» PROBLEM TO SOLVE: From the records below, transcribe only the lines running from the one with "#184=CARTESIAN_POINT('',(0.,0.,0.));" through the one with "#214=DIRECTION('',(1.,0.,0.));". Keep both of those end lines.

(Stored items)
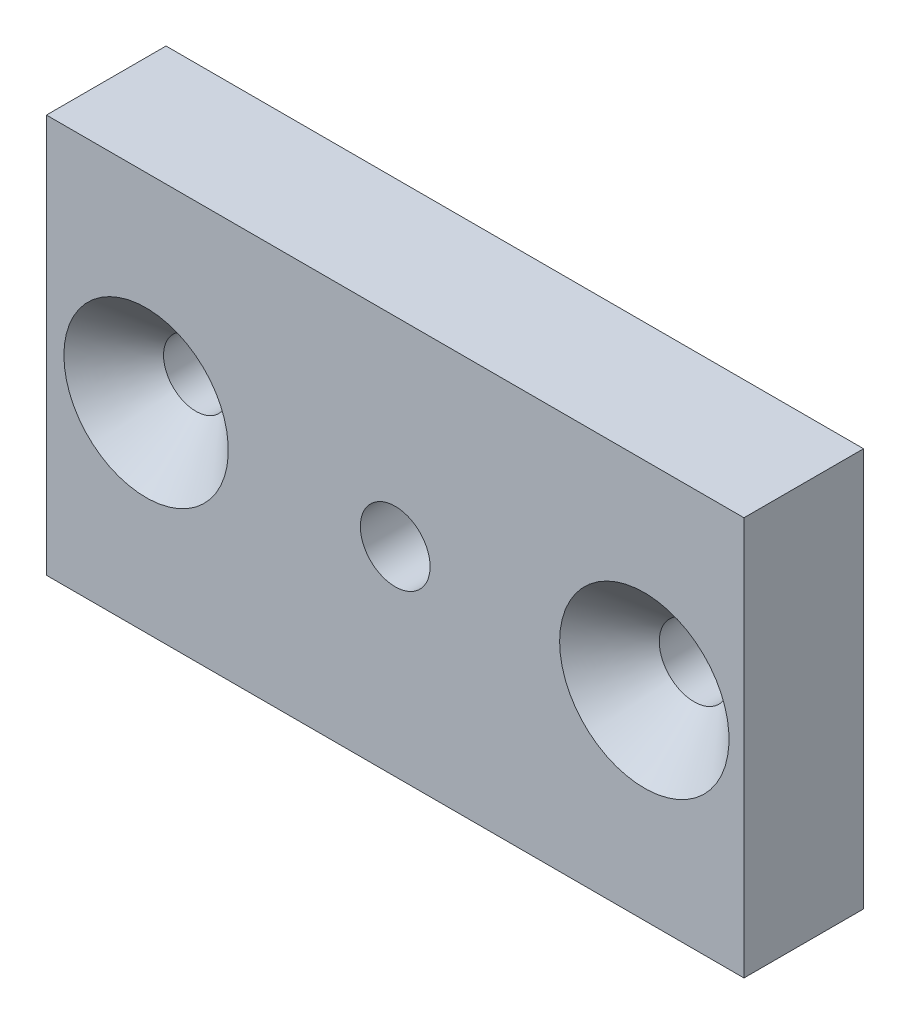
ISO-10303-21;
HEADER;
FILE_DESCRIPTION(('STEP AP214'),'2;1');
FILE_NAME('part.step','',(''),(''),'','','');
FILE_SCHEMA(('AUTOMOTIVE_DESIGN { 1 0 10303 214 1 1 1 1 }'));
ENDSEC;
DATA;
#1=APPLICATION_CONTEXT('core data for automotive mechanical design processes');
#2=APPLICATION_PROTOCOL_DEFINITION('international standard','automotive_design',2000,#1);
#3=PRODUCT_CONTEXT('',#1,'mechanical');
#4=PRODUCT('Part','Part','',(#3));
#5=PRODUCT_RELATED_PRODUCT_CATEGORY('part','',(#4));
#6=PRODUCT_DEFINITION_FORMATION('','',#4);
#7=PRODUCT_DEFINITION_CONTEXT('part definition',#1,'design');
#8=PRODUCT_DEFINITION('design','',#6,#7);
#9=PRODUCT_DEFINITION_SHAPE('','',#8);
#10=(LENGTH_UNIT() NAMED_UNIT(*) SI_UNIT(.MILLI.,.METRE.));
#11=(NAMED_UNIT(*) PLANE_ANGLE_UNIT() SI_UNIT($,.RADIAN.));
#12=(NAMED_UNIT(*) SI_UNIT($,.STERADIAN.) SOLID_ANGLE_UNIT());
#13=UNCERTAINTY_MEASURE_WITH_UNIT(LENGTH_MEASURE(1.E-05),#10,'distance_accuracy_value','');
#14=(GEOMETRIC_REPRESENTATION_CONTEXT(3) GLOBAL_UNCERTAINTY_ASSIGNED_CONTEXT((#13)) GLOBAL_UNIT_ASSIGNED_CONTEXT((#10,
#11,#12)) REPRESENTATION_CONTEXT('',''));
#15=CARTESIAN_POINT('',(0.,0.,0.));
#16=DIRECTION('',(0.,0.,1.));
#17=DIRECTION('',(1.,0.,0.));
#18=AXIS2_PLACEMENT_3D('',#15,#16,#17);
#19=CARTESIAN_POINT('',(17.5,10.,6.));
#20=DIRECTION('',(0.,0.,-1.));
#21=DIRECTION('',(-1.,0.,0.));
#22=AXIS2_PLACEMENT_3D('',#19,#20,#21);
#23=CYLINDRICAL_SURFACE('',#22,1.75);
#24=CARTESIAN_POINT('',(17.5,10.,6.));
#25=DIRECTION('',(0.,0.,1.));
#26=DIRECTION('',(1.,0.,0.));
#27=AXIS2_PLACEMENT_3D('',#24,#25,#26);
#28=CIRCLE('',#27,1.75);
#29=CARTESIAN_POINT('',(19.25,10.,6.));
#30=VERTEX_POINT('',#29);
#31=EDGE_CURVE('E184',#30,#30,#28,.T.);
#32=ORIENTED_EDGE('',*,*,#31,.T.);
#33=EDGE_LOOP('',(#32));
#34=FACE_BOUND('',#33,.T.);
#35=CARTESIAN_POINT('',(17.5,10.,2.5));
#36=DIRECTION('',(0.,0.,-1.));
#37=DIRECTION('',(-1.,0.,0.));
#38=AXIS2_PLACEMENT_3D('',#35,#36,#37);
#39=CIRCLE('',#38,1.75);
#40=CARTESIAN_POINT('',(15.75,10.,2.5));
#41=VERTEX_POINT('',#40);
#42=EDGE_CURVE('E46',#41,#41,#39,.T.);
#43=ORIENTED_EDGE('',*,*,#42,.T.);
#44=EDGE_LOOP('',(#43));
#45=FACE_BOUND('',#44,.T.);
#46=ADVANCED_FACE('F41',(#34,#45),#23,.F.);
#47=CARTESIAN_POINT('',(0.,0.,6.));
#48=DIRECTION('',(0.,0.,-1.));
#49=DIRECTION('',(-1.,0.,0.));
#50=AXIS2_PLACEMENT_3D('',#47,#48,#49);
#51=PLANE('',#50);
#52=CARTESIAN_POINT('',(30.,10.,6.));
#53=DIRECTION('',(0.,0.,-1.));
#54=DIRECTION('',(-1.,0.,0.));
#55=AXIS2_PLACEMENT_3D('',#52,#53,#54);
#56=CIRCLE('',#55,4.25000000000001);
#57=CARTESIAN_POINT('',(25.75,10.,6.));
#58=VERTEX_POINT('',#57);
#59=EDGE_CURVE('E51',#58,#58,#56,.T.);
#60=ORIENTED_EDGE('',*,*,#59,.T.);
#61=EDGE_LOOP('',(#60));
#62=FACE_BOUND('',#61,.T.);
#63=CARTESIAN_POINT('',(5.,10.,6.));
#64=DIRECTION('',(0.,0.,-1.));
#65=DIRECTION('',(-1.,0.,0.));
#66=AXIS2_PLACEMENT_3D('',#63,#64,#65);
#67=CIRCLE('',#66,4.12500000000001);
#68=CARTESIAN_POINT('',(0.874999999999994,10.,6.));
#69=VERTEX_POINT('',#68);
#70=EDGE_CURVE('E219',#69,#69,#67,.T.);
#71=ORIENTED_EDGE('',*,*,#70,.T.);
#72=EDGE_LOOP('',(#71));
#73=FACE_BOUND('',#72,.T.);
#74=DIRECTION('',(0.,-1.,0.));
#75=VECTOR('',#74,1.);
#76=CARTESIAN_POINT('',(0.,0.,6.));
#77=LINE('',#76,#75);
#78=CARTESIAN_POINT('',(0.,20.,6.));
#79=VERTEX_POINT('',#78);
#80=CARTESIAN_POINT('',(0.,0.,6.));
#81=VERTEX_POINT('',#80);
#82=EDGE_CURVE('E194',#79,#81,#77,.T.);
#83=ORIENTED_EDGE('',*,*,#82,.T.);
#84=DIRECTION('',(1.,0.,0.));
#85=VECTOR('',#84,1.);
#86=CARTESIAN_POINT('',(0.,0.,6.));
#87=LINE('',#86,#85);
#88=CARTESIAN_POINT('',(35.,0.,6.));
#89=VERTEX_POINT('',#88);
#90=EDGE_CURVE('E96',#81,#89,#87,.T.);
#91=ORIENTED_EDGE('',*,*,#90,.T.);
#92=DIRECTION('',(0.,1.,0.));
#93=VECTOR('',#92,1.);
#94=CARTESIAN_POINT('',(35.,0.,6.));
#95=LINE('',#94,#93);
#96=CARTESIAN_POINT('',(35.,20.,6.));
#97=VERTEX_POINT('',#96);
#98=EDGE_CURVE('E197',#89,#97,#95,.T.);
#99=ORIENTED_EDGE('',*,*,#98,.T.);
#100=DIRECTION('',(-1.,0.,0.));
#101=VECTOR('',#100,1.);
#102=CARTESIAN_POINT('',(0.,20.,6.));
#103=LINE('',#102,#101);
#104=EDGE_CURVE('E67',#97,#79,#103,.T.);
#105=ORIENTED_EDGE('',*,*,#104,.T.);
#106=EDGE_LOOP('',(#83,#91,#99,#105));
#107=FACE_BOUND('',#106,.T.);
#108=ORIENTED_EDGE('',*,*,#31,.F.);
#109=EDGE_LOOP('',(#108));
#110=FACE_BOUND('',#109,.T.);
#111=ADVANCED_FACE('F225',(#62,#73,#107,#110),#51,.F.);
#112=CARTESIAN_POINT('',(0.,0.,0.));
#113=DIRECTION('',(0.,0.,-1.));
#114=DIRECTION('',(-1.,0.,0.));
#115=AXIS2_PLACEMENT_3D('',#112,#113,#114);
#116=PLANE('',#115);
#117=DIRECTION('',(1.,0.,0.));
#118=VECTOR('',#117,1.);
#119=CARTESIAN_POINT('',(15.6236116251337,13.25,0.));
#120=LINE('',#119,#118);
#121=CARTESIAN_POINT('',(15.6236116251337,13.25,0.));
#122=VERTEX_POINT('',#121);
#123=CARTESIAN_POINT('',(19.3763883748663,13.25,0.));
#124=VERTEX_POINT('',#123);
#125=EDGE_CURVE('E58',#122,#124,#120,.T.);
#126=ORIENTED_EDGE('',*,*,#125,.F.);
#127=DIRECTION('',(0.5,0.866025403784439,0.));
#128=VECTOR('',#127,1.);
#129=CARTESIAN_POINT('',(13.7472232502674,10.,0.));
#130=LINE('',#129,#128);
#131=CARTESIAN_POINT('',(13.7472232502674,10.,0.));
#132=VERTEX_POINT('',#131);
#133=EDGE_CURVE('E151',#132,#122,#130,.T.);
#134=ORIENTED_EDGE('',*,*,#133,.F.);
#135=DIRECTION('',(-0.5,0.866025403784439,0.));
#136=VECTOR('',#135,1.);
#137=CARTESIAN_POINT('',(15.6236116251337,6.75000000000001,0.));
#138=LINE('',#137,#136);
#139=CARTESIAN_POINT('',(15.6236116251337,6.75000000000001,0.));
#140=VERTEX_POINT('',#139);
#141=EDGE_CURVE('E154',#140,#132,#138,.T.);
#142=ORIENTED_EDGE('',*,*,#141,.F.);
#143=DIRECTION('',(-1.,0.,0.));
#144=VECTOR('',#143,1.);
#145=CARTESIAN_POINT('',(19.3763883748663,6.75000000000001,0.));
#146=LINE('',#145,#144);
#147=CARTESIAN_POINT('',(19.3763883748663,6.75000000000001,0.));
#148=VERTEX_POINT('',#147);
#149=EDGE_CURVE('E170',#148,#140,#146,.T.);
#150=ORIENTED_EDGE('',*,*,#149,.F.);
#151=DIRECTION('',(-0.5,-0.866025403784439,0.));
#152=VECTOR('',#151,1.);
#153=CARTESIAN_POINT('',(21.2527767497326,10.,0.));
#154=LINE('',#153,#152);
#155=CARTESIAN_POINT('',(21.2527767497326,10.,0.));
#156=VERTEX_POINT('',#155);
#157=EDGE_CURVE('E167',#156,#148,#154,.T.);
#158=ORIENTED_EDGE('',*,*,#157,.F.);
#159=DIRECTION('',(0.5,-0.866025403784439,0.));
#160=VECTOR('',#159,1.);
#161=CARTESIAN_POINT('',(19.3763883748663,13.25,0.));
#162=LINE('',#161,#160);
#163=EDGE_CURVE('E165',#124,#156,#162,.T.);
#164=ORIENTED_EDGE('',*,*,#163,.F.);
#165=EDGE_LOOP('',(#126,#134,#142,#150,#158,#164));
#166=FACE_BOUND('',#165,.T.);
#167=CARTESIAN_POINT('',(30.,10.,0.));
#168=DIRECTION('',(0.,0.,1.));
#169=DIRECTION('',(1.,0.,0.));
#170=AXIS2_PLACEMENT_3D('',#167,#168,#169);
#171=CIRCLE('',#170,1.75);
#172=CARTESIAN_POINT('',(31.75,10.,0.));
#173=VERTEX_POINT('',#172);
#174=EDGE_CURVE('E187',#173,#173,#171,.T.);
#175=ORIENTED_EDGE('',*,*,#174,.T.);
#176=EDGE_LOOP('',(#175));
#177=FACE_BOUND('',#176,.T.);
#178=DIRECTION('',(0.,-1.,0.));
#179=VECTOR('',#178,1.);
#180=CARTESIAN_POINT('',(0.,0.,0.));
#181=LINE('',#180,#179);
#182=CARTESIAN_POINT('',(0.,20.,0.));
#183=VERTEX_POINT('',#182);
#184=CARTESIAN_POINT('',(0.,0.,0.));
#185=VERTEX_POINT('',#184);
#186=EDGE_CURVE('E193',#183,#185,#181,.T.);
#187=ORIENTED_EDGE('',*,*,#186,.F.);
#188=DIRECTION('',(-1.,0.,0.));
#189=VECTOR('',#188,1.);
#190=CARTESIAN_POINT('',(0.,20.,0.));
#191=LINE('',#190,#189);
#192=CARTESIAN_POINT('',(35.,20.,0.));
#193=VERTEX_POINT('',#192);
#194=EDGE_CURVE('E88',#193,#183,#191,.T.);
#195=ORIENTED_EDGE('',*,*,#194,.F.);
#196=DIRECTION('',(0.,1.,0.));
#197=VECTOR('',#196,1.);
#198=CARTESIAN_POINT('',(35.,0.,0.));
#199=LINE('',#198,#197);
#200=CARTESIAN_POINT('',(35.,0.,0.));
#201=VERTEX_POINT('',#200);
#202=EDGE_CURVE('E205',#201,#193,#199,.T.);
#203=ORIENTED_EDGE('',*,*,#202,.F.);
#204=DIRECTION('',(1.,0.,0.));
#205=VECTOR('',#204,1.);
#206=CARTESIAN_POINT('',(0.,0.,0.));
#207=LINE('',#206,#205);
#208=EDGE_CURVE('E203',#185,#201,#207,.T.);
#209=ORIENTED_EDGE('',*,*,#208,.F.);
#210=EDGE_LOOP('',(#187,#195,#203,#209));
#211=FACE_BOUND('',#210,.T.);
#212=CARTESIAN_POINT('',(5.,10.,0.));
#213=DIRECTION('',(0.,0.,1.));
#214=DIRECTION('',(1.,0.,0.));
#215=AXIS2_PLACEMENT_3D('',#212,#213,#214);
#216=CIRCLE('',#215,1.625);
#217=CARTESIAN_POINT('',(6.625,10.,0.));
#218=VERTEX_POINT('',#217);
#219=EDGE_CURVE('E190',#218,#218,#216,.T.);
#220=ORIENTED_EDGE('',*,*,#219,.T.);
#221=EDGE_LOOP('',(#220));
#222=FACE_BOUND('',#221,.T.);
#223=ADVANCED_FACE('F240',(#166,#177,#211,#222),#116,.T.);
#224=CARTESIAN_POINT('',(0.,0.,6.));
#225=DIRECTION('',(1.,0.,0.));
#226=DIRECTION('',(0.,0.,-1.));
#227=AXIS2_PLACEMENT_3D('',#224,#225,#226);
#228=PLANE('',#227);
#229=ORIENTED_EDGE('',*,*,#186,.T.);
#230=DIRECTION('',(0.,0.,-1.));
#231=VECTOR('',#230,1.);
#232=CARTESIAN_POINT('',(0.,0.,6.));
#233=LINE('',#232,#231);
#234=EDGE_CURVE('E214',#81,#185,#233,.T.);
#235=ORIENTED_EDGE('',*,*,#234,.F.);
#236=ORIENTED_EDGE('',*,*,#82,.F.);
#237=DIRECTION('',(0.,0.,-1.));
#238=VECTOR('',#237,1.);
#239=CARTESIAN_POINT('',(0.,20.,6.));
#240=LINE('',#239,#238);
#241=EDGE_CURVE('E200',#79,#183,#240,.T.);
#242=ORIENTED_EDGE('',*,*,#241,.T.);
#243=EDGE_LOOP('',(#229,#235,#236,#242));
#244=FACE_BOUND('',#243,.T.);
#245=ADVANCED_FACE('F243',(#244),#228,.F.);
#246=CARTESIAN_POINT('',(0.,0.,6.));
#247=DIRECTION('',(0.,1.,0.));
#248=DIRECTION('',(0.,0.,1.));
#249=AXIS2_PLACEMENT_3D('',#246,#247,#248);
#250=PLANE('',#249);
#251=ORIENTED_EDGE('',*,*,#208,.T.);
#252=DIRECTION('',(0.,0.,-1.));
#253=VECTOR('',#252,1.);
#254=CARTESIAN_POINT('',(35.,0.,6.));
#255=LINE('',#254,#253);
#256=EDGE_CURVE('E211',#89,#201,#255,.T.);
#257=ORIENTED_EDGE('',*,*,#256,.F.);
#258=ORIENTED_EDGE('',*,*,#90,.F.);
#259=ORIENTED_EDGE('',*,*,#234,.T.);
#260=EDGE_LOOP('',(#251,#257,#258,#259));
#261=FACE_BOUND('',#260,.T.);
#262=ADVANCED_FACE('F345',(#261),#250,.F.);
#263=CARTESIAN_POINT('',(35.,0.,6.));
#264=DIRECTION('',(-1.,0.,0.));
#265=DIRECTION('',(0.,0.,1.));
#266=AXIS2_PLACEMENT_3D('',#263,#264,#265);
#267=PLANE('',#266);
#268=ORIENTED_EDGE('',*,*,#202,.T.);
#269=DIRECTION('',(0.,0.,-1.));
#270=VECTOR('',#269,1.);
#271=CARTESIAN_POINT('',(35.,20.,6.));
#272=LINE('',#271,#270);
#273=EDGE_CURVE('E209',#97,#193,#272,.T.);
#274=ORIENTED_EDGE('',*,*,#273,.F.);
#275=ORIENTED_EDGE('',*,*,#98,.F.);
#276=ORIENTED_EDGE('',*,*,#256,.T.);
#277=EDGE_LOOP('',(#268,#274,#275,#276));
#278=FACE_BOUND('',#277,.T.);
#279=ADVANCED_FACE('F258',(#278),#267,.F.);
#280=CARTESIAN_POINT('',(0.,20.,6.));
#281=DIRECTION('',(0.,-1.,0.));
#282=DIRECTION('',(0.,0.,-1.));
#283=AXIS2_PLACEMENT_3D('',#280,#281,#282);
#284=PLANE('',#283);
#285=ORIENTED_EDGE('',*,*,#194,.T.);
#286=ORIENTED_EDGE('',*,*,#241,.F.);
#287=ORIENTED_EDGE('',*,*,#104,.F.);
#288=ORIENTED_EDGE('',*,*,#273,.T.);
#289=EDGE_LOOP('',(#285,#286,#287,#288));
#290=FACE_BOUND('',#289,.T.);
#291=ADVANCED_FACE('F251',(#290),#284,.F.);
#292=CARTESIAN_POINT('',(5.,10.,6.));
#293=DIRECTION('',(0.,0.,-1.));
#294=DIRECTION('',(-1.,0.,0.));
#295=AXIS2_PLACEMENT_3D('',#292,#293,#294);
#296=CYLINDRICAL_SURFACE('',#295,1.625);
#297=CARTESIAN_POINT('',(5.,10.,3.5));
#298=DIRECTION('',(0.,0.,-1.));
#299=DIRECTION('',(-1.,0.,0.));
#300=AXIS2_PLACEMENT_3D('',#297,#298,#299);
#301=CIRCLE('',#300,1.625);
#302=CARTESIAN_POINT('',(3.375,10.,3.5));
#303=VERTEX_POINT('',#302);
#304=EDGE_CURVE('E11',#303,#303,#301,.F.);
#305=ORIENTED_EDGE('',*,*,#304,.T.);
#306=EDGE_LOOP('',(#305));
#307=FACE_BOUND('',#306,.T.);
#308=ORIENTED_EDGE('',*,*,#219,.F.);
#309=EDGE_LOOP('',(#308));
#310=FACE_BOUND('',#309,.T.);
#311=ADVANCED_FACE('F236',(#307,#310),#296,.F.);
#312=CARTESIAN_POINT('',(30.,10.,6.));
#313=DIRECTION('',(0.,0.,-1.));
#314=DIRECTION('',(-1.,0.,0.));
#315=AXIS2_PLACEMENT_3D('',#312,#313,#314);
#316=CYLINDRICAL_SURFACE('',#315,1.75);
#317=CARTESIAN_POINT('',(30.,10.,3.5));
#318=DIRECTION('',(0.,0.,-1.));
#319=DIRECTION('',(-1.,0.,0.));
#320=AXIS2_PLACEMENT_3D('',#317,#318,#319);
#321=CIRCLE('',#320,1.75);
#322=CARTESIAN_POINT('',(28.25,10.,3.5));
#323=VERTEX_POINT('',#322);
#324=EDGE_CURVE('E216',#323,#323,#321,.F.);
#325=ORIENTED_EDGE('',*,*,#324,.T.);
#326=EDGE_LOOP('',(#325));
#327=FACE_BOUND('',#326,.T.);
#328=ORIENTED_EDGE('',*,*,#174,.F.);
#329=EDGE_LOOP('',(#328));
#330=FACE_BOUND('',#329,.T.);
#331=ADVANCED_FACE('F231',(#327,#330),#316,.F.);
#332=CARTESIAN_POINT('',(30.,10.,3.5));
#333=DIRECTION('',(0.,0.,1.));
#334=DIRECTION('',(1.,0.,0.));
#335=AXIS2_PLACEMENT_3D('',#332,#333,#334);
#336=CONICAL_SURFACE('',#335,1.75,0.78539816339745);
#337=ORIENTED_EDGE('',*,*,#59,.F.);
#338=EDGE_LOOP('',(#337));
#339=FACE_BOUND('',#338,.T.);
#340=ORIENTED_EDGE('',*,*,#324,.F.);
#341=EDGE_LOOP('',(#340));
#342=FACE_BOUND('',#341,.T.);
#343=ADVANCED_FACE('F228',(#339,#342),#336,.F.);
#344=CARTESIAN_POINT('',(5.,10.,3.5));
#345=DIRECTION('',(0.,0.,1.));
#346=DIRECTION('',(1.,0.,0.));
#347=AXIS2_PLACEMENT_3D('',#344,#345,#346);
#348=CONICAL_SURFACE('',#347,1.625,0.785398163397449);
#349=ORIENTED_EDGE('',*,*,#70,.F.);
#350=EDGE_LOOP('',(#349));
#351=FACE_BOUND('',#350,.T.);
#352=ORIENTED_EDGE('',*,*,#304,.F.);
#353=EDGE_LOOP('',(#352));
#354=FACE_BOUND('',#353,.T.);
#355=ADVANCED_FACE('F44',(#351,#354),#348,.F.);
#356=CARTESIAN_POINT('',(15.6236116251337,13.25,2.5));
#357=DIRECTION('',(0.,1.,0.));
#358=DIRECTION('',(0.,0.,1.));
#359=AXIS2_PLACEMENT_3D('',#356,#357,#358);
#360=PLANE('',#359);
#361=ORIENTED_EDGE('',*,*,#125,.T.);
#362=DIRECTION('',(0.,0.,-1.));
#363=VECTOR('',#362,1.);
#364=CARTESIAN_POINT('',(19.3763883748663,13.25,2.5));
#365=LINE('',#364,#363);
#366=CARTESIAN_POINT('',(19.3763883748663,13.25,2.5));
#367=VERTEX_POINT('',#366);
#368=EDGE_CURVE('E128',#367,#124,#365,.T.);
#369=ORIENTED_EDGE('',*,*,#368,.F.);
#370=DIRECTION('',(1.,0.,0.));
#371=VECTOR('',#370,1.);
#372=CARTESIAN_POINT('',(15.6236116251337,13.25,2.5));
#373=LINE('',#372,#371);
#374=CARTESIAN_POINT('',(15.6236116251337,13.25,2.5));
#375=VERTEX_POINT('',#374);
#376=EDGE_CURVE('E132',#375,#367,#373,.T.);
#377=ORIENTED_EDGE('',*,*,#376,.F.);
#378=DIRECTION('',(0.,0.,-1.));
#379=VECTOR('',#378,1.);
#380=CARTESIAN_POINT('',(15.6236116251337,13.25,2.5));
#381=LINE('',#380,#379);
#382=EDGE_CURVE('E175',#375,#122,#381,.T.);
#383=ORIENTED_EDGE('',*,*,#382,.T.);
#384=EDGE_LOOP('',(#361,#369,#377,#383));
#385=FACE_BOUND('',#384,.T.);
#386=ADVANCED_FACE('F130',(#385),#360,.F.);
#387=CARTESIAN_POINT('',(13.7472232502674,10.,2.5));
#388=DIRECTION('',(-0.866025403784439,0.5,0.));
#389=DIRECTION('',(-0.5,-0.866025403784439,0.));
#390=AXIS2_PLACEMENT_3D('',#387,#388,#389);
#391=PLANE('',#390);
#392=ORIENTED_EDGE('',*,*,#133,.T.);
#393=ORIENTED_EDGE('',*,*,#382,.F.);
#394=DIRECTION('',(0.5,0.866025403784439,0.));
#395=VECTOR('',#394,1.);
#396=CARTESIAN_POINT('',(13.7472232502674,10.,2.5));
#397=LINE('',#396,#395);
#398=CARTESIAN_POINT('',(13.7472232502674,10.,2.5));
#399=VERTEX_POINT('',#398);
#400=EDGE_CURVE('E138',#399,#375,#397,.T.);
#401=ORIENTED_EDGE('',*,*,#400,.F.);
#402=DIRECTION('',(0.,0.,-1.));
#403=VECTOR('',#402,1.);
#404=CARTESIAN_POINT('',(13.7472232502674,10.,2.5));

» ANSWER:
#184=CARTESIAN_POINT('',(0.,0.,0.));
#185=VERTEX_POINT('',#184);
#186=EDGE_CURVE('E193',#183,#185,#181,.T.);
#187=ORIENTED_EDGE('',*,*,#186,.F.);
#188=DIRECTION('',(-1.,0.,0.));
#189=VECTOR('',#188,1.);
#190=CARTESIAN_POINT('',(0.,20.,0.));
#191=LINE('',#190,#189);
#192=CARTESIAN_POINT('',(35.,20.,0.));
#193=VERTEX_POINT('',#192);
#194=EDGE_CURVE('E88',#193,#183,#191,.T.);
#195=ORIENTED_EDGE('',*,*,#194,.F.);
#196=DIRECTION('',(0.,1.,0.));
#197=VECTOR('',#196,1.);
#198=CARTESIAN_POINT('',(35.,0.,0.));
#199=LINE('',#198,#197);
#200=CARTESIAN_POINT('',(35.,0.,0.));
#201=VERTEX_POINT('',#200);
#202=EDGE_CURVE('E205',#201,#193,#199,.T.);
#203=ORIENTED_EDGE('',*,*,#202,.F.);
#204=DIRECTION('',(1.,0.,0.));
#205=VECTOR('',#204,1.);
#206=CARTESIAN_POINT('',(0.,0.,0.));
#207=LINE('',#206,#205);
#208=EDGE_CURVE('E203',#185,#201,#207,.T.);
#209=ORIENTED_EDGE('',*,*,#208,.F.);
#210=EDGE_LOOP('',(#187,#195,#203,#209));
#211=FACE_BOUND('',#210,.T.);
#212=CARTESIAN_POINT('',(5.,10.,0.));
#213=DIRECTION('',(0.,0.,1.));
#214=DIRECTION('',(1.,0.,0.));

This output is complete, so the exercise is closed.